• Activity:
Two lines mark the range in the entries below: the one holding "point P7 (21.7907, -113.1589)" and the one holding "of A5.centre A4.centre". Set down those two and all lines between them, exactly.

(Collection entries)
§
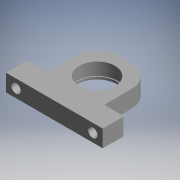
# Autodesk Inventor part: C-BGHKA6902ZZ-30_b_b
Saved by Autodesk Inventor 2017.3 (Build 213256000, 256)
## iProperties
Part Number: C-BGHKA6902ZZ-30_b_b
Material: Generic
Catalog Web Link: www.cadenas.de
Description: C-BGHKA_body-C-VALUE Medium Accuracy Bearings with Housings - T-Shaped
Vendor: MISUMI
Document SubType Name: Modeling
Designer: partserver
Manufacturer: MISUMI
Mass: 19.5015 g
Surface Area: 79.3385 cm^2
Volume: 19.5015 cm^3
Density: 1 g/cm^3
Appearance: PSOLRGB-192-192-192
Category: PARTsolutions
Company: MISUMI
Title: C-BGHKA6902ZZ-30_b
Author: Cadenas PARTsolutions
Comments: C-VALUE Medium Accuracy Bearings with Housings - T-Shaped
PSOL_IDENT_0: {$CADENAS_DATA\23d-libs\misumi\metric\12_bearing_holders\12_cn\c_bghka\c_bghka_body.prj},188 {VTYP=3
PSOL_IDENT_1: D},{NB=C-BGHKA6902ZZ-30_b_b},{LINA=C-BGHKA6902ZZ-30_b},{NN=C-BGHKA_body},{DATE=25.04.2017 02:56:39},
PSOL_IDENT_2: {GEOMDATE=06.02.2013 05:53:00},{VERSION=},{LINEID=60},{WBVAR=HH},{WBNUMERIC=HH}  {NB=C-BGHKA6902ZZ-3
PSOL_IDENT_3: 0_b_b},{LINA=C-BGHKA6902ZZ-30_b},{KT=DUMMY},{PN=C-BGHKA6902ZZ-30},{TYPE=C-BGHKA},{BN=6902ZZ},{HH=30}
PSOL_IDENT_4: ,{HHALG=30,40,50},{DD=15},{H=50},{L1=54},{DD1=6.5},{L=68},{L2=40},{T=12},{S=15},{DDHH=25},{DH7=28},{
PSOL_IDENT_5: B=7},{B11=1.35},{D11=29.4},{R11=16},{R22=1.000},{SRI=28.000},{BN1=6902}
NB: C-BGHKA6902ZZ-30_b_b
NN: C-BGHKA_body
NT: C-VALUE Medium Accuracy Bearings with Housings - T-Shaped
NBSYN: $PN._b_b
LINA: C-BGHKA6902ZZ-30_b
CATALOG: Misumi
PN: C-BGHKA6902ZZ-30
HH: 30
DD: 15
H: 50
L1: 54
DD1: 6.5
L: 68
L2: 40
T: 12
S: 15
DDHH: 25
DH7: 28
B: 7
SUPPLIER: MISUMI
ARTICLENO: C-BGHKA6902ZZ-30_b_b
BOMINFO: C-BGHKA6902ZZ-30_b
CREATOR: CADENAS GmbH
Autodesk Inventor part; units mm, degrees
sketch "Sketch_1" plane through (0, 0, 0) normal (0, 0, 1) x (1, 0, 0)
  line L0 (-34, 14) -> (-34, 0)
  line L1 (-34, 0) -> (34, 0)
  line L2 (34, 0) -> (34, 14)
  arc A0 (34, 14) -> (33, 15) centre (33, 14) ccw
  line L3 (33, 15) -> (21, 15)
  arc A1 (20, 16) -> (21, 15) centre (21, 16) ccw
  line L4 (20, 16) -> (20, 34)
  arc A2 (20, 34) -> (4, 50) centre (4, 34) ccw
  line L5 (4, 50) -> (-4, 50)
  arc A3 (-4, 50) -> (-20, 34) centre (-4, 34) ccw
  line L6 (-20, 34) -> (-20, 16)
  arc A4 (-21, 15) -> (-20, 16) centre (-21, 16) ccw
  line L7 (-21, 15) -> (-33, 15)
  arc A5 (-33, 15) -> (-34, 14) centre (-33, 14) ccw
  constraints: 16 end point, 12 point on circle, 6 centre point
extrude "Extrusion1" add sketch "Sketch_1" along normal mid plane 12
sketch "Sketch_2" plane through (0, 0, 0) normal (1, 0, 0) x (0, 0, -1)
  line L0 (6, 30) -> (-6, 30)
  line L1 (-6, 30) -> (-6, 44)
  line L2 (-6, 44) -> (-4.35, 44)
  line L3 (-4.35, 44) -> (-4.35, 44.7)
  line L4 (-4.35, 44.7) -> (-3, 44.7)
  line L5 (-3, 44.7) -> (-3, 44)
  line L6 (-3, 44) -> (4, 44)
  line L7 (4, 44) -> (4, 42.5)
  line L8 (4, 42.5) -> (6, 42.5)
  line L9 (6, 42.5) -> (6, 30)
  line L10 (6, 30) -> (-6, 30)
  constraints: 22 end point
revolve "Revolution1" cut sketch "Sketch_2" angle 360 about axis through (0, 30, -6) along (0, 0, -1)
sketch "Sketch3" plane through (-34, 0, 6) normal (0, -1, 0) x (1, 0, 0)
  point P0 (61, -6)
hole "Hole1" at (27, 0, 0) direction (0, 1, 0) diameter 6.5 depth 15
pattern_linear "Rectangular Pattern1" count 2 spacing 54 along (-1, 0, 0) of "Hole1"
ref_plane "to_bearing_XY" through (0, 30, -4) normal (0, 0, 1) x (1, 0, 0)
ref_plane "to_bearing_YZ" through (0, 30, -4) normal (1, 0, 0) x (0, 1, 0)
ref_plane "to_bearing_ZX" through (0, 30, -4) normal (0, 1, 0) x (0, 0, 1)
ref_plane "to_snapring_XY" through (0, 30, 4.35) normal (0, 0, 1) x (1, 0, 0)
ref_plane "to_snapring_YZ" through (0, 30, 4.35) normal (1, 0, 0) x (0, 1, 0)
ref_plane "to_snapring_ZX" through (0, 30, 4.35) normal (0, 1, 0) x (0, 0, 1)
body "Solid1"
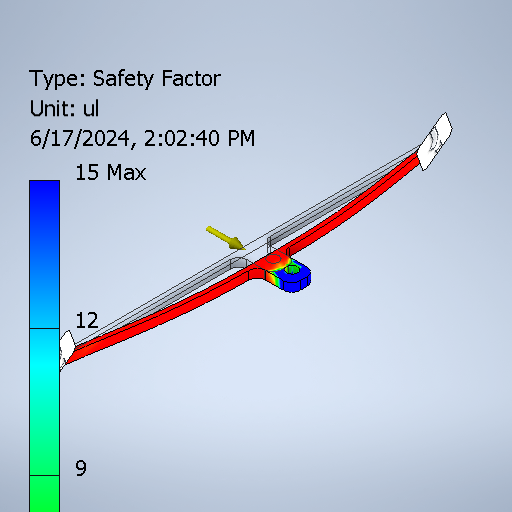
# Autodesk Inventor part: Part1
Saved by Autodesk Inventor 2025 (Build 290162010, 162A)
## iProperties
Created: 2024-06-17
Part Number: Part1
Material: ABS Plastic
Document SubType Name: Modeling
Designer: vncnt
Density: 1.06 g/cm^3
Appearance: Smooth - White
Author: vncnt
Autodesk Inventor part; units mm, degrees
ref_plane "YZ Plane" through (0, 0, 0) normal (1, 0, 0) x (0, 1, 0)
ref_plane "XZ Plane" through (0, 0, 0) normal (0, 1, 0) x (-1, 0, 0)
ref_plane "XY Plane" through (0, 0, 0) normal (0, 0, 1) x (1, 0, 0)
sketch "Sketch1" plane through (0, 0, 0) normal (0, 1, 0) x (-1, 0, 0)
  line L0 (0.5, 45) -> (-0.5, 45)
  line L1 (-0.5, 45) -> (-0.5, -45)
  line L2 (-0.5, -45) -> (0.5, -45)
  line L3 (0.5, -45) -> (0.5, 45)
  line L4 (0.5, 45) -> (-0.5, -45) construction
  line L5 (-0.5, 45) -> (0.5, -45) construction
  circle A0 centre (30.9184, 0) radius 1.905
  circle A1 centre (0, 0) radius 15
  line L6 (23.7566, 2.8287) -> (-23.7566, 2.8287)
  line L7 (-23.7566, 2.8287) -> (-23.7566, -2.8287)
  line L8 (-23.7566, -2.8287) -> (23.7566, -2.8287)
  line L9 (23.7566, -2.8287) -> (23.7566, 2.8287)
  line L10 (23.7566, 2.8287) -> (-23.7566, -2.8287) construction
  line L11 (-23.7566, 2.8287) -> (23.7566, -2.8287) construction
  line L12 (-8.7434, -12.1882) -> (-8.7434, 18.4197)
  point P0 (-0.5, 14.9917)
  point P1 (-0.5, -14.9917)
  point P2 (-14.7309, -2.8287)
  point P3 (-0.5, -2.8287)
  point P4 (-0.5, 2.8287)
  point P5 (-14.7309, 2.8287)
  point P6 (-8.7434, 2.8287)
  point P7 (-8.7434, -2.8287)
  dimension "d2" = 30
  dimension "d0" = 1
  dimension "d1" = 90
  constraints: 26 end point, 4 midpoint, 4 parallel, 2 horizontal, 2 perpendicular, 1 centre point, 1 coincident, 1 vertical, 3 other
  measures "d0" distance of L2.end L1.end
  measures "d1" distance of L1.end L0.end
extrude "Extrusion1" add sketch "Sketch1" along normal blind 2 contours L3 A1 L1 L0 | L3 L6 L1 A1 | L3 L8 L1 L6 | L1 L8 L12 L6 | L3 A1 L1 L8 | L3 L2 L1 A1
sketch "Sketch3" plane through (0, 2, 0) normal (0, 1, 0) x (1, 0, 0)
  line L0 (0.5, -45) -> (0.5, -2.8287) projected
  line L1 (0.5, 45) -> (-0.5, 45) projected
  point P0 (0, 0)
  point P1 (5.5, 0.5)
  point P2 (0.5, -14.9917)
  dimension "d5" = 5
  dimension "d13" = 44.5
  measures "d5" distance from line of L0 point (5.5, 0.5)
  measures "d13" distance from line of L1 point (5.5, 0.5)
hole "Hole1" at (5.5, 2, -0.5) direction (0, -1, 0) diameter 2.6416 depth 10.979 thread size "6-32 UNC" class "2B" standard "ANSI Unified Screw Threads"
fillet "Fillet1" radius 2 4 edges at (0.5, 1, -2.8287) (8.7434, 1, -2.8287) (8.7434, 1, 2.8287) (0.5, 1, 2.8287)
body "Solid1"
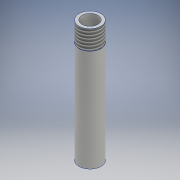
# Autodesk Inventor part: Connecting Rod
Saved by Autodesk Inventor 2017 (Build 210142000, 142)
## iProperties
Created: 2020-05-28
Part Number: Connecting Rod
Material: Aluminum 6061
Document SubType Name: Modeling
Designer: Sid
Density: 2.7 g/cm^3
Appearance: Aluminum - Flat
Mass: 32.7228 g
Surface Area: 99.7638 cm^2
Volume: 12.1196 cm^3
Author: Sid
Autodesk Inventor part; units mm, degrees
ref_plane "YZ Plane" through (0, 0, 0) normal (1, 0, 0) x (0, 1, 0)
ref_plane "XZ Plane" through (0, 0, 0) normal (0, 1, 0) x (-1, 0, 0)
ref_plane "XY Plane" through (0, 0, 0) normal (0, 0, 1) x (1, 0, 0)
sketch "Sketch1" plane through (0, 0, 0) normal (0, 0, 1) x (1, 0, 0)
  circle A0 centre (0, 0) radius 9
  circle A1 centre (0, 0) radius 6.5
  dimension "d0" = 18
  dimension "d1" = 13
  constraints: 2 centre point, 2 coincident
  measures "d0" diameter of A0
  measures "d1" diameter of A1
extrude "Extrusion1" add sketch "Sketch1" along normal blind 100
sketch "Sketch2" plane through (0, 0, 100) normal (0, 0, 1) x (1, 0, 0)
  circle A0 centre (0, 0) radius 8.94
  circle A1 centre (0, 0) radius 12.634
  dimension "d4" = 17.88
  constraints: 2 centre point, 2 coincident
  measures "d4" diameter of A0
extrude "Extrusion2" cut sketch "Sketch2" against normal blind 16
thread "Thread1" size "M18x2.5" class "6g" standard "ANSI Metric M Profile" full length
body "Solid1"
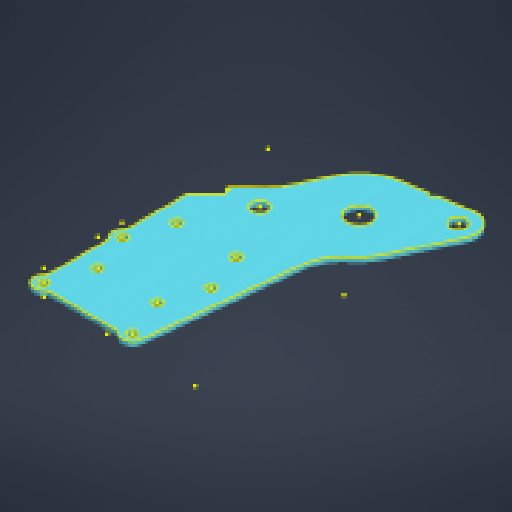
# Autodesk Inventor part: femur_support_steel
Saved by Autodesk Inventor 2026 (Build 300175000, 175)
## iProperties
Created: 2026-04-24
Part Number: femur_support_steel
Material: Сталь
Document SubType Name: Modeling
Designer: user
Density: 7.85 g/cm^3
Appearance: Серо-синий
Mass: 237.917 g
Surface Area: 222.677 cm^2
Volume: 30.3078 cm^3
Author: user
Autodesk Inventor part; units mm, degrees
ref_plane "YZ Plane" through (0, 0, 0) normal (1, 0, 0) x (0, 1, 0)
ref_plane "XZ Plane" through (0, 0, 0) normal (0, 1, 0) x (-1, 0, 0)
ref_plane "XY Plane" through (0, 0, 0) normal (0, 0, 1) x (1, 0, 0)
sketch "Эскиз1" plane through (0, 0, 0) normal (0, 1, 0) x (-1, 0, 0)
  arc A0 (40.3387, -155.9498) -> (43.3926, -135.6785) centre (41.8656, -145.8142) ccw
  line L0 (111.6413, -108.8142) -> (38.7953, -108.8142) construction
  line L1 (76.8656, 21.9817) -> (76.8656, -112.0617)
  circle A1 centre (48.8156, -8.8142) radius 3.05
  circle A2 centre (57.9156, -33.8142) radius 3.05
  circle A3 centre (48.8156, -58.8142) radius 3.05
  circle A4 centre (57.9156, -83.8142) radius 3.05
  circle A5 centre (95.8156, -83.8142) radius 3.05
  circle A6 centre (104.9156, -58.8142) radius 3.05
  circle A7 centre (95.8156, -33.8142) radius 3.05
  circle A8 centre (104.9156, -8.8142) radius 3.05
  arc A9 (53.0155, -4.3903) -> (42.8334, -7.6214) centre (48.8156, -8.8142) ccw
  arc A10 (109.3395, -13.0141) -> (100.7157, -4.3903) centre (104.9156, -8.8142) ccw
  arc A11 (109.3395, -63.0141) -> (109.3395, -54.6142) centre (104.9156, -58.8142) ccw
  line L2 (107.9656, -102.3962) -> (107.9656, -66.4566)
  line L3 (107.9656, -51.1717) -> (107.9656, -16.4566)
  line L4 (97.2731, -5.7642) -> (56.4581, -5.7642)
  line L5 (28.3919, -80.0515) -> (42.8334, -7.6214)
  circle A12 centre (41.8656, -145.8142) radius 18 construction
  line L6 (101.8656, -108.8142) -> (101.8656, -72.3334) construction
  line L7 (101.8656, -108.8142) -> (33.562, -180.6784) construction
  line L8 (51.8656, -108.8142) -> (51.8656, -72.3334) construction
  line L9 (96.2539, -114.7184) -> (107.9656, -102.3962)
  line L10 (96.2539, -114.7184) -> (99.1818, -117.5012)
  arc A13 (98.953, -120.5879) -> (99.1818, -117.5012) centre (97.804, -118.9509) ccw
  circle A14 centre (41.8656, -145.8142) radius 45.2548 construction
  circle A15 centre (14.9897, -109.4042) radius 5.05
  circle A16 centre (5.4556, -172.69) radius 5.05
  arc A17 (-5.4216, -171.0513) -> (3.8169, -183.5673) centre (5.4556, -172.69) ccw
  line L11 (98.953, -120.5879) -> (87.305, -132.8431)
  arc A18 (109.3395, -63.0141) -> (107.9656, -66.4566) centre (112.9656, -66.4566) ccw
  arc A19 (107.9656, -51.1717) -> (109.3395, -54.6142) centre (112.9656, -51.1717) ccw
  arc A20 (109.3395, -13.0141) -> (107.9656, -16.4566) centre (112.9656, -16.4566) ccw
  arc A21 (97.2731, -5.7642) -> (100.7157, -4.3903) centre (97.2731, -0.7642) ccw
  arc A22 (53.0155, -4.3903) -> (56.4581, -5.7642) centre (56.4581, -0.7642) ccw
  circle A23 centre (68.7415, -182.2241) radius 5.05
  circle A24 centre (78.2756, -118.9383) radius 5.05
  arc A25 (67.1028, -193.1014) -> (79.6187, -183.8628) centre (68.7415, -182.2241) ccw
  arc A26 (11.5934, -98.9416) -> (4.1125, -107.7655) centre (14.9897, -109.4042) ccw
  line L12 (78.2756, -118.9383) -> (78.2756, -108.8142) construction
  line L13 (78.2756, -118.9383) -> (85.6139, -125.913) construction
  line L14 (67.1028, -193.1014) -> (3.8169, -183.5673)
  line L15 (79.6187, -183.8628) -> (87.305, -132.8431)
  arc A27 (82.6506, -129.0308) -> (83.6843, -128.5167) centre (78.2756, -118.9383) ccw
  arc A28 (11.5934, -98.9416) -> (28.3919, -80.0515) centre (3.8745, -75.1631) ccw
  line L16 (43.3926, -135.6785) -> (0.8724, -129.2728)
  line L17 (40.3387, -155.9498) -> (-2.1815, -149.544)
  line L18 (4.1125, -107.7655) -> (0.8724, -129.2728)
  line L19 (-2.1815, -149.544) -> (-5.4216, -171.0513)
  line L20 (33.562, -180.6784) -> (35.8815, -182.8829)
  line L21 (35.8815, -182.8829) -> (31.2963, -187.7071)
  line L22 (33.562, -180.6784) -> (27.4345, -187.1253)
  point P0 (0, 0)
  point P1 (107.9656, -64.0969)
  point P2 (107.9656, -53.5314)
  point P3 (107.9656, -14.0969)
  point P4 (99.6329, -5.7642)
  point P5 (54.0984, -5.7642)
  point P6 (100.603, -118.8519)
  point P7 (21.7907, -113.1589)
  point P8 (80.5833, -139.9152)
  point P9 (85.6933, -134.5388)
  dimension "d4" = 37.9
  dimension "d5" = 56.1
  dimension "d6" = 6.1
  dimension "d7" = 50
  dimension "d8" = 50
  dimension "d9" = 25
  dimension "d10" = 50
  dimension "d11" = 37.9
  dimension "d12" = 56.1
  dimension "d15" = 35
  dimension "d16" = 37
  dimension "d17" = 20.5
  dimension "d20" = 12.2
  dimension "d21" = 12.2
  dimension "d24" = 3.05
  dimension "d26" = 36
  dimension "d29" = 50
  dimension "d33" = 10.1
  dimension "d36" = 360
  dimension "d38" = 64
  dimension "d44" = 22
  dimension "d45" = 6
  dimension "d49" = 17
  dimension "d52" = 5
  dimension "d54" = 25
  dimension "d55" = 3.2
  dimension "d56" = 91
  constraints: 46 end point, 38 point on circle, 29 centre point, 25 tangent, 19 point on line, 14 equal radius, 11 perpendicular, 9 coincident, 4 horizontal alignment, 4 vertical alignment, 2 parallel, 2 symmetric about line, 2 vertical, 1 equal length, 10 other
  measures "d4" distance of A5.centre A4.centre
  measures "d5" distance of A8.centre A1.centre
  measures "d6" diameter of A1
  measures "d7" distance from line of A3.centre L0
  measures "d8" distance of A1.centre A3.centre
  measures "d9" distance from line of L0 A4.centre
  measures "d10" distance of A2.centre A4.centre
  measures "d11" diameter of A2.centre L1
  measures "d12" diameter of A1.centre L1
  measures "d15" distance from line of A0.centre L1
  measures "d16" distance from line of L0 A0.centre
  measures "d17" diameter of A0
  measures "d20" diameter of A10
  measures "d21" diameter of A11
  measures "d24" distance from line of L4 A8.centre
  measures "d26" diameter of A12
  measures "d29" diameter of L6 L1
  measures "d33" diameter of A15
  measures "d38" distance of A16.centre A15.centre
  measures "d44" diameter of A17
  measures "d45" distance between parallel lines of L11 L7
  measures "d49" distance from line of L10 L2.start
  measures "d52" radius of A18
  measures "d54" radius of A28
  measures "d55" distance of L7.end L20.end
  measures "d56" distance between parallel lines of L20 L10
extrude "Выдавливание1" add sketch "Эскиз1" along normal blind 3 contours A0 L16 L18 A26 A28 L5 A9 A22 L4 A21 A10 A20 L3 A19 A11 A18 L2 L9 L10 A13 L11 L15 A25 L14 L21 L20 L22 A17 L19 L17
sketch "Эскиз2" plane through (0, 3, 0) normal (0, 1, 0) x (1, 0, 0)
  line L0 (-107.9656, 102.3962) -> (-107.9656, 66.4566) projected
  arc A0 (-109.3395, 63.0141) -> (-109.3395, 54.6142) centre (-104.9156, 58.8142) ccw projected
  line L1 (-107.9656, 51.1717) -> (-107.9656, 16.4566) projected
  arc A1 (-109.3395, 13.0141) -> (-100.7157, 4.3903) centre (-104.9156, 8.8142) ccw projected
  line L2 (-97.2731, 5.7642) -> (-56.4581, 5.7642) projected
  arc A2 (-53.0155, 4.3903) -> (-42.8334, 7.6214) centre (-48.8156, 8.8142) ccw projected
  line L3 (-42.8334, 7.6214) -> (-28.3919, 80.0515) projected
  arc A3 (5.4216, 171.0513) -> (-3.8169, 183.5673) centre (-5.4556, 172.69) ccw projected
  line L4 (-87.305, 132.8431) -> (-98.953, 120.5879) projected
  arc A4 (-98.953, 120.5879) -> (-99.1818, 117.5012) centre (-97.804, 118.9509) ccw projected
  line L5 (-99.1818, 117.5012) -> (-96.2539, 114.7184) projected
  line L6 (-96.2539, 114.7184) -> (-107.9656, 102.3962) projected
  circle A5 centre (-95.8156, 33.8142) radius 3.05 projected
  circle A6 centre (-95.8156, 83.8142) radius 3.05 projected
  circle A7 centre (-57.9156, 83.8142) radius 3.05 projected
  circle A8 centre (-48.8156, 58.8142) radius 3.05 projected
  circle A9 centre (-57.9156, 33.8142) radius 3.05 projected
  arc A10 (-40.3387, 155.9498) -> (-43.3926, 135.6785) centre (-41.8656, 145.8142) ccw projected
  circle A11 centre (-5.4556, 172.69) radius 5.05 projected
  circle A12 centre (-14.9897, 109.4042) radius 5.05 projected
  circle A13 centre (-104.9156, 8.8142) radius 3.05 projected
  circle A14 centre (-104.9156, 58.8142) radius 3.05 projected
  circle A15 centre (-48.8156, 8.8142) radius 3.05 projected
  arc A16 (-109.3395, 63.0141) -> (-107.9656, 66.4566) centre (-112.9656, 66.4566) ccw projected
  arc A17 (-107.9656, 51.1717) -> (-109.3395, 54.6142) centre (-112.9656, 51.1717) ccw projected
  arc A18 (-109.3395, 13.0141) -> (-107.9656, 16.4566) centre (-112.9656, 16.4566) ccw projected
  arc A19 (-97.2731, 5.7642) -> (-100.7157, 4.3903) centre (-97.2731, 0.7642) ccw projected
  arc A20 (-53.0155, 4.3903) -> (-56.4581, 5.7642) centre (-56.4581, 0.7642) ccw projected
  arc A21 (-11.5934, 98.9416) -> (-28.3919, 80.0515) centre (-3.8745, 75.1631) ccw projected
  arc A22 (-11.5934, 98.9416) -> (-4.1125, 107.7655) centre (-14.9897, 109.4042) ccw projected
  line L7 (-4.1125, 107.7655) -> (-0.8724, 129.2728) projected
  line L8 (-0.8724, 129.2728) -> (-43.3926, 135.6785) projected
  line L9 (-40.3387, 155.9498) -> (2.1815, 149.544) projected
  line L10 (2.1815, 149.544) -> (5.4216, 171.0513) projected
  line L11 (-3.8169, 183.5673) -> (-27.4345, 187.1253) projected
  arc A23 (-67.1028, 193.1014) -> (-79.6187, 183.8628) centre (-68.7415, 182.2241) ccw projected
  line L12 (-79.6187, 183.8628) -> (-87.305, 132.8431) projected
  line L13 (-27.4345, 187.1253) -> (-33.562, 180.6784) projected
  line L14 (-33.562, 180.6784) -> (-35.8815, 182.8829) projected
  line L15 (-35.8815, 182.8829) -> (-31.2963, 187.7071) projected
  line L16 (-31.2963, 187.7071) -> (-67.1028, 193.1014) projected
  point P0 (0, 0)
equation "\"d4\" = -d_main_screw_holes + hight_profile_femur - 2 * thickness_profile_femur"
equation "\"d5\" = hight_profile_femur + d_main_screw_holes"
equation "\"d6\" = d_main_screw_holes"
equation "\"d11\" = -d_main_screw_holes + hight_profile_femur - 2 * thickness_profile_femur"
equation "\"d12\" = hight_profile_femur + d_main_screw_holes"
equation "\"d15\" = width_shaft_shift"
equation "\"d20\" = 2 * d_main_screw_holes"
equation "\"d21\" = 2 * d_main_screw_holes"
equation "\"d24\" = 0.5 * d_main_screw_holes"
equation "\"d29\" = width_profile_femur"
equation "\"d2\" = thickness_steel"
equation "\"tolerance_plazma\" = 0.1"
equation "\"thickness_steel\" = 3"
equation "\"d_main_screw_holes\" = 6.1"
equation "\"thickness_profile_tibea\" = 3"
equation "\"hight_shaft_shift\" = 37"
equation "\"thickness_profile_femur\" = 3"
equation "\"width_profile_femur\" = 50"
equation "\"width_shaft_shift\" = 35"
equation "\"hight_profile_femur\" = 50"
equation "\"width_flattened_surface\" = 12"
§
• Written reply:
  point P7 (21.7907, -113.1589)
  point P8 (80.5833, -139.9152)
  point P9 (85.6933, -134.5388)
  dimension "d4" = 37.9
  dimension "d5" = 56.1
  dimension "d6" = 6.1
  dimension "d7" = 50
  dimension "d8" = 50
  dimension "d9" = 25
  dimension "d10" = 50
  dimension "d11" = 37.9
  dimension "d12" = 56.1
  dimension "d15" = 35
  dimension "d16" = 37
  dimension "d17" = 20.5
  dimension "d20" = 12.2
  dimension "d21" = 12.2
  dimension "d24" = 3.05
  dimension "d26" = 36
  dimension "d29" = 50
  dimension "d33" = 10.1
  dimension "d36" = 360
  dimension "d38" = 64
  dimension "d44" = 22
  dimension "d45" = 6
  dimension "d49" = 17
  dimension "d52" = 5
  dimension "d54" = 25
  dimension "d55" = 3.2
  dimension "d56" = 91
  constraints: 46 end point, 38 point on circle, 29 centre point, 25 tangent, 19 point on line, 14 equal radius, 11 perpendicular, 9 coincident, 4 horizontal alignment, 4 vertical alignment, 2 parallel, 2 symmetric about line, 2 vertical, 1 equal length, 10 other
  measures "d4" distance of A5.centre A4.centre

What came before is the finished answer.